All of the data that follows should be retyped exactly, please, except the pictures.

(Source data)
>>>>>

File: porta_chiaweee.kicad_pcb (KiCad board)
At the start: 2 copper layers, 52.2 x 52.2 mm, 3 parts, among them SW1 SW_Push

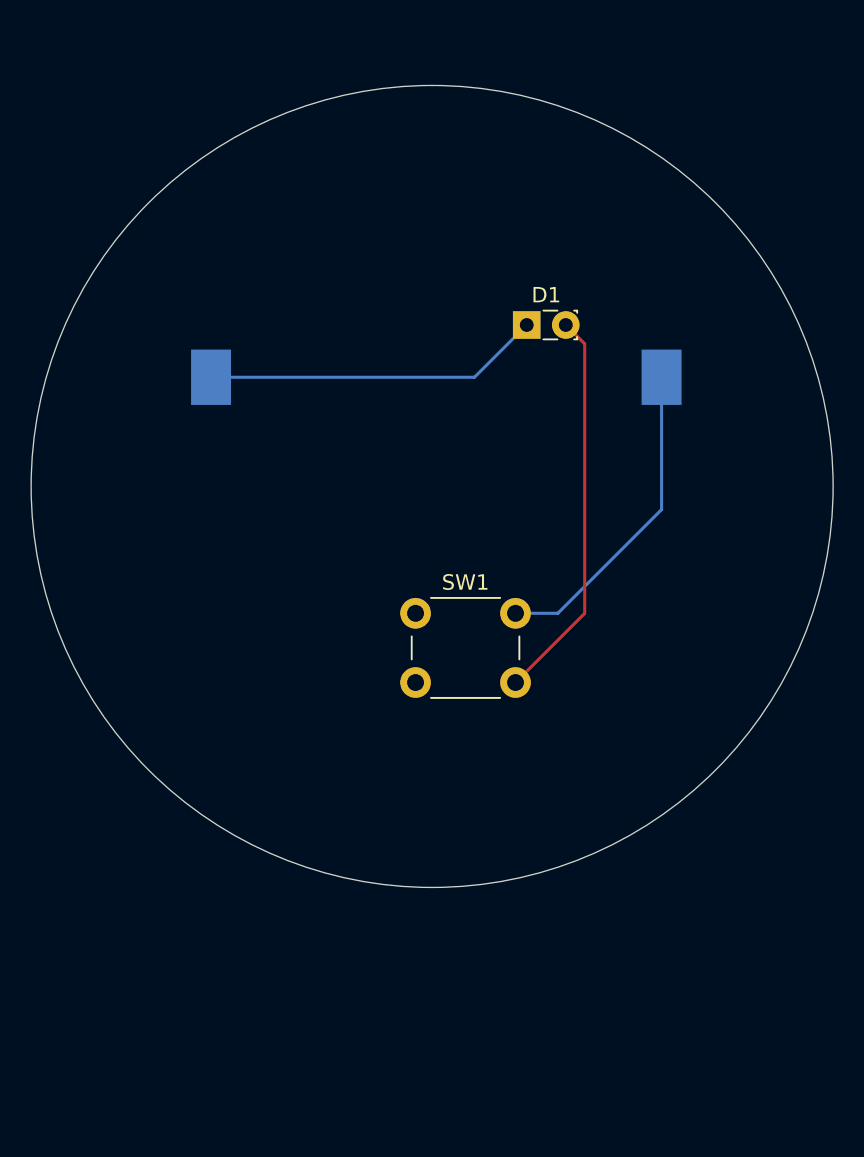
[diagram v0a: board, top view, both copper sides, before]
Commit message: forma pcb e buco
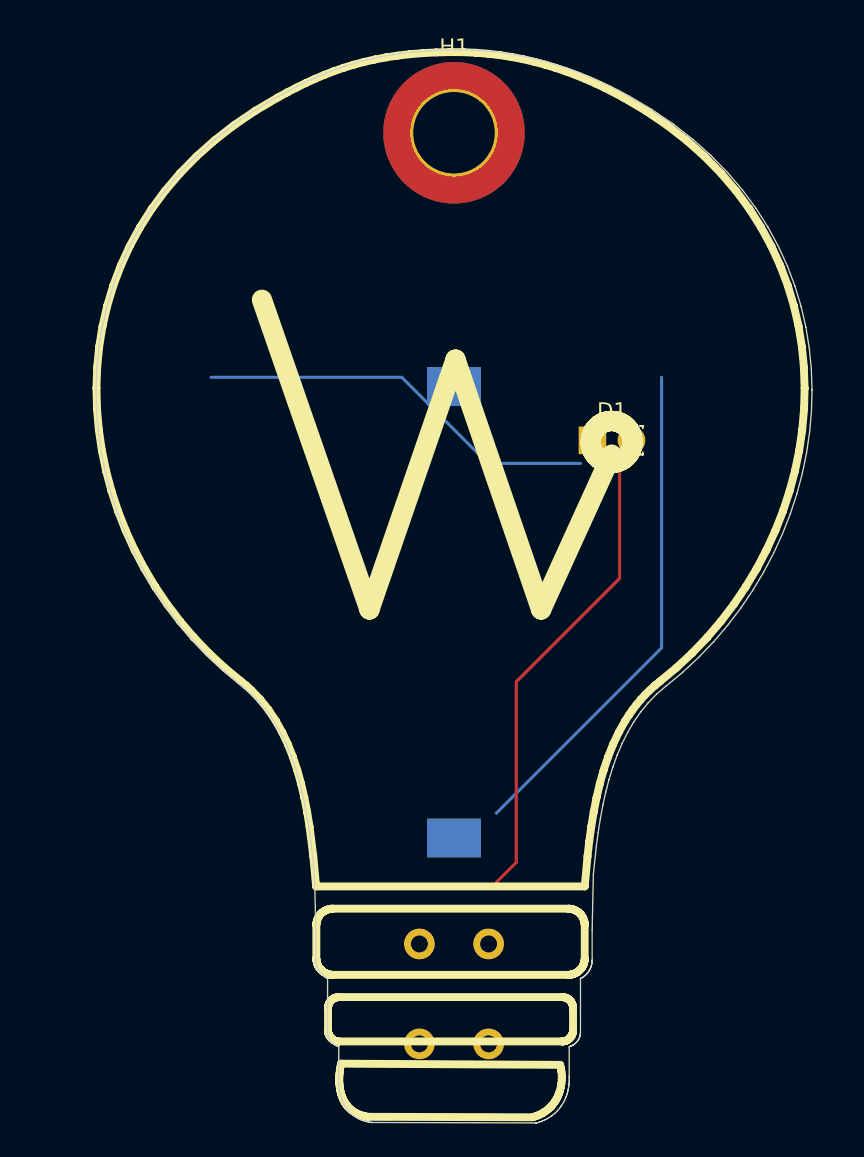
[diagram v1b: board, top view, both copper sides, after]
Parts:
- added H1: MountingHole, MountingHole:MountingHole_5.3mm_M5_DIN965_Pad_TopBottom, F.Cu at (125.0, 59.0)
- BT1: footprint Battery:BatteryHolder_Keystone_1060_1x2032 -> Battery:BatteryHolder_Keystone_1058_1x2032
- SW1: moved to B.Cu
- moved SW1 21.5 mm to (122.8, 111.8), turned to -90 degrees
- moved BT1 15.3 mm to (125.0, 90.2), turned to -90 degrees
- moved D1 8.63 mm to (134.0, 79.0)
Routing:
- net Net-(BT1-+): track 20.9 -> 59.2 mm
- net Net-(BT1--): track 21.9 -> 0.00 mm
- net Net-(D1-A): track 25.6 -> 30.6 mm
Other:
- board size 52.2 x 52.2 mm -> 46.6 x 69.8 mm

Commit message: aggiunte librerie nuove e modelli 3D
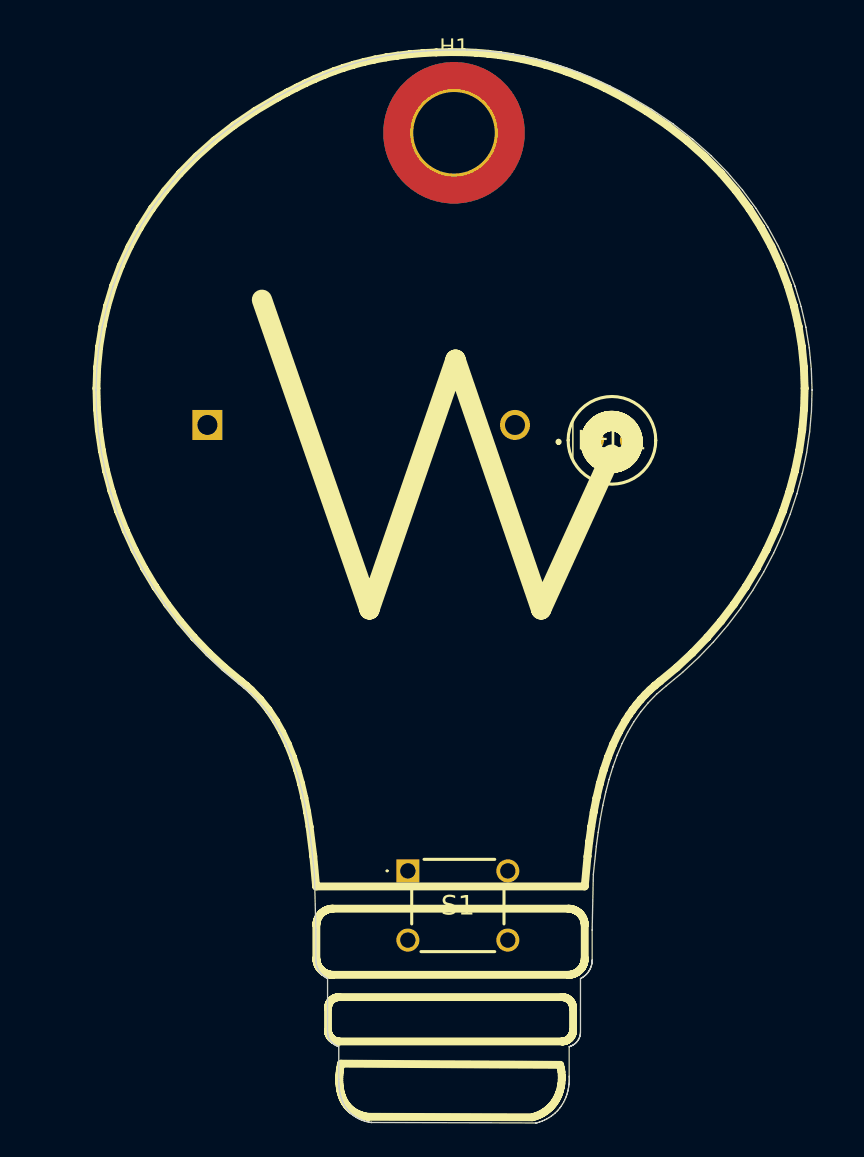
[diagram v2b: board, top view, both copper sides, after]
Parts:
- removed BT1: Battery_Cell, Battery:BatteryHolder_Keystone_1058_1x2032
- removed D1: LED, LED_THT:LED_Rectangular_W3.9mm_H1.8mm
- removed SW1: SW_Push, Button_Switch_THT:SW_PUSH_6mm_H13mm
- added H2: BH-25C-1, components:BH25C1, B.Cu at (109.0, 78.0)
- added LED1: WP7083ZGD_G, components:L53ND, F.Cu at (134.0, 79.0)
- added S1: TS02-66-43-BK-100-LCR-D, components:TS026643BK100LCRD, F.Cu at (122.0, 107.0)
- H1: value MountingHole -> The_hole
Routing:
- net Net-(BT1-+): track 59.2 -> 0.00 mm
- net Net-(D1-A): track 30.6 -> 0.00 mm

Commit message: rooting e nuovo bordo
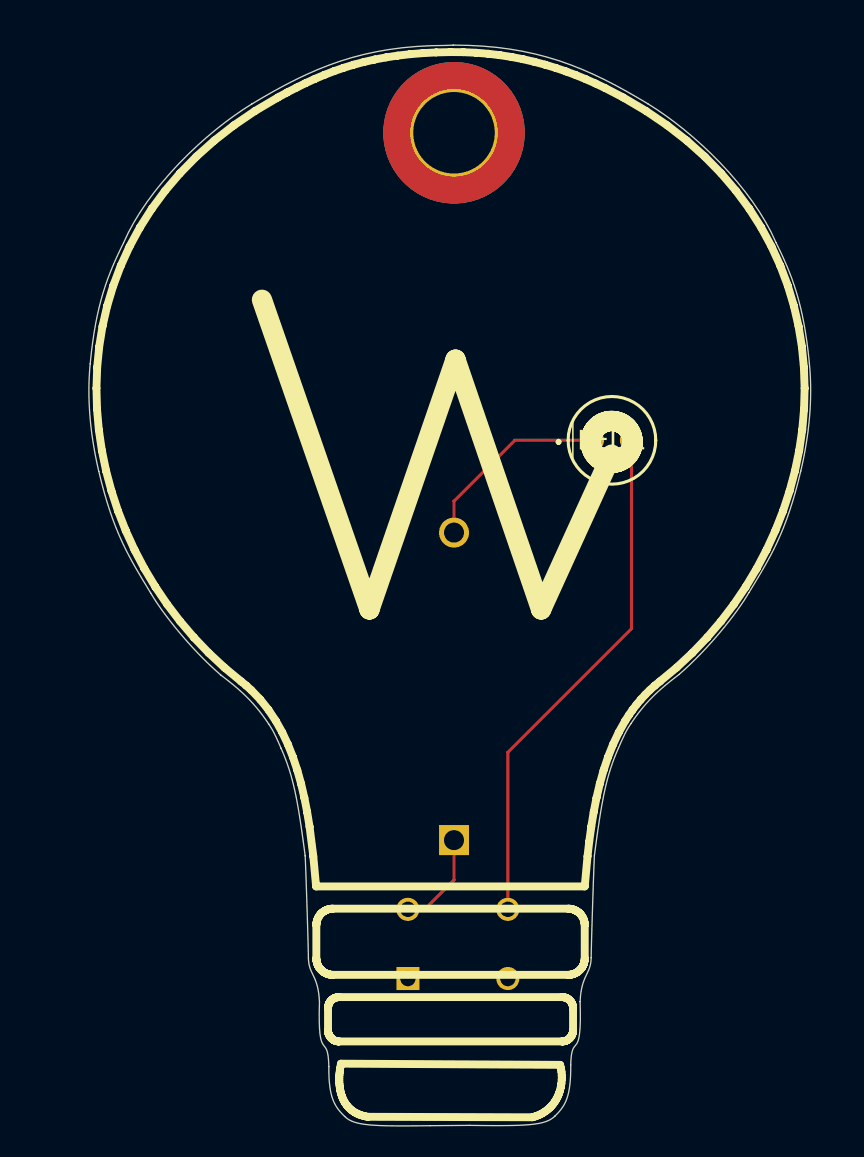
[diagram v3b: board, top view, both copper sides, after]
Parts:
- S1: moved to B.Cu
- moved H2 31.4 mm to (125.0, 105.0), turned to -90 degrees
- moved S1 7.00 mm to (122.0, 114.0)
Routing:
- net Net-(LED1-A): track 0.00 -> 33.8 mm
- net Net-(H2--): track 0.00 -> 12.7 mm
- net Net-(H2-+): track 0.00 -> 6.38 mm
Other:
- board size 46.6 x 69.8 mm -> 46.9 x 70.3 mm

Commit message: aggiunto piano di massa
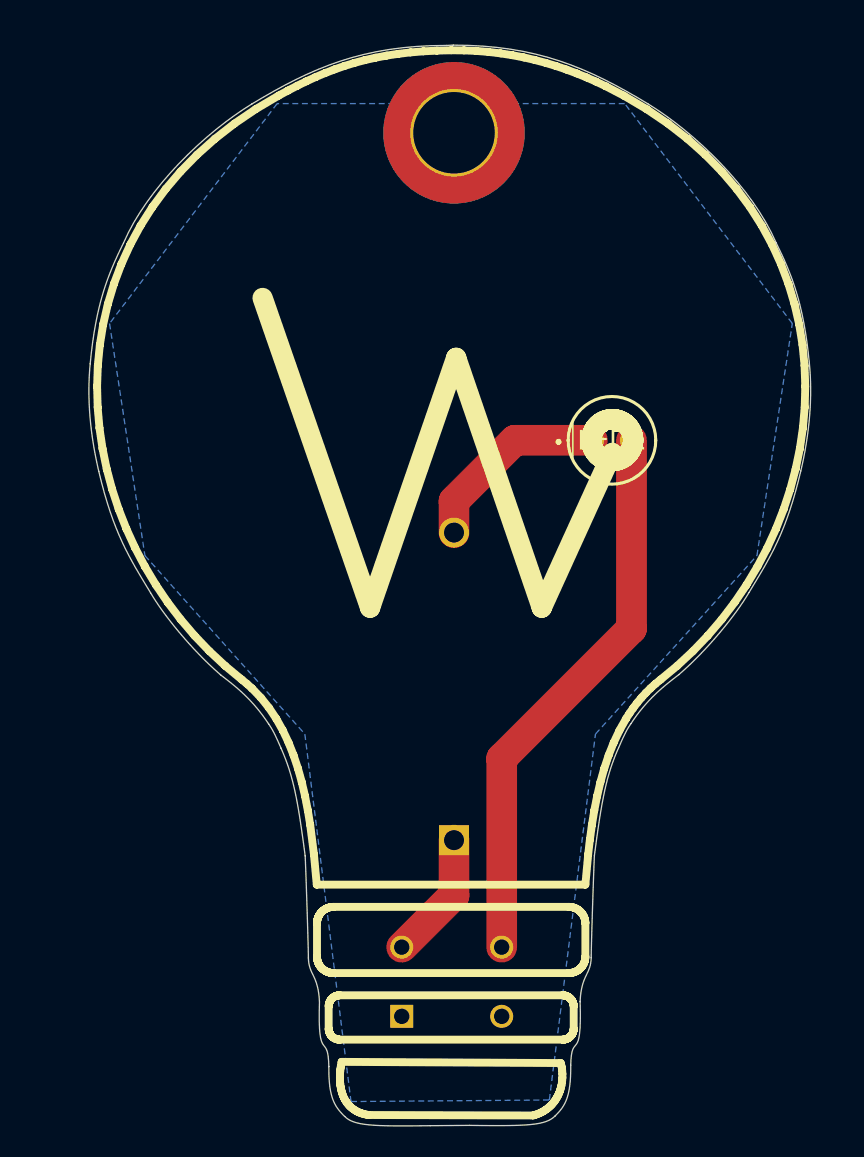
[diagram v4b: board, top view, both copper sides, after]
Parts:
- moved S1 2.49 mm to (121.6, 116.5)
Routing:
- net Net-(LED1-A): track 33.8 -> 36.5 mm
- net Net-(H2-+): track 6.38 -> 8.39 mm
- added copper zone on B.Cu, net (none)

<<<<<

#### [Solution for this task]
File: porta_chiaweee.kicad_pcb (KiCad board)
At the start: 2 copper layers, 52.2 x 52.2 mm, 3 parts, among them SW1 SW_Push

[diagram v0a: board, top view, both copper sides, before]
Commit message: forma pcb e buco
[diagram v1b: board, top view, both copper sides, after]
Parts:
- added H1: MountingHole, MountingHole:MountingHole_5.3mm_M5_DIN965_Pad_TopBottom, F.Cu at (125.0, 59.0)
- BT1: footprint Battery:BatteryHolder_Keystone_1060_1x2032 -> Battery:BatteryHolder_Keystone_1058_1x2032
- SW1: moved to B.Cu
- moved SW1 21.5 mm to (122.8, 111.8), turned to -90 degrees
- moved BT1 15.3 mm to (125.0, 90.2), turned to -90 degrees
- moved D1 8.63 mm to (134.0, 79.0)
Routing:
- net Net-(BT1-+): track 20.9 -> 59.2 mm
- net Net-(BT1--): track 21.9 -> 0.00 mm
- net Net-(D1-A): track 25.6 -> 30.6 mm
Other:
- board size 52.2 x 52.2 mm -> 46.6 x 69.8 mm

Commit message: aggiunte librerie nuove e modelli 3D
[diagram v2b: board, top view, both copper sides, after]
Parts:
- removed BT1: Battery_Cell, Battery:BatteryHolder_Keystone_1058_1x2032
- removed D1: LED, LED_THT:LED_Rectangular_W3.9mm_H1.8mm
- removed SW1: SW_Push, Button_Switch_THT:SW_PUSH_6mm_H13mm
- added H2: BH-25C-1, components:BH25C1, B.Cu at (109.0, 78.0)
- added LED1: WP7083ZGD_G, components:L53ND, F.Cu at (134.0, 79.0)
- added S1: TS02-66-43-BK-100-LCR-D, components:TS026643BK100LCRD, F.Cu at (122.0, 107.0)
- H1: value MountingHole -> The_hole
Routing:
- net Net-(BT1-+): track 59.2 -> 0.00 mm
- net Net-(D1-A): track 30.6 -> 0.00 mm

Commit message: rooting e nuovo bordo
[diagram v3b: board, top view, both copper sides, after]
Parts:
- S1: moved to B.Cu
- moved H2 31.4 mm to (125.0, 105.0), turned to -90 degrees
- moved S1 7.00 mm to (122.0, 114.0)
Routing:
- net Net-(LED1-A): track 0.00 -> 33.8 mm
- net Net-(H2--): track 0.00 -> 12.7 mm
- net Net-(H2-+): track 0.00 -> 6.38 mm
Other:
- board size 46.6 x 69.8 mm -> 46.9 x 70.3 mm

Commit message: aggiunto piano di massa
[diagram v4b: board, top view, both copper sides, after]
Parts:
- moved S1 2.49 mm to (121.6, 116.5)
Routing:
- net Net-(LED1-A): track 33.8 -> 36.5 mm
- net Net-(H2-+): track 6.38 -> 8.39 mm
- added copper zone on B.Cu, net (none)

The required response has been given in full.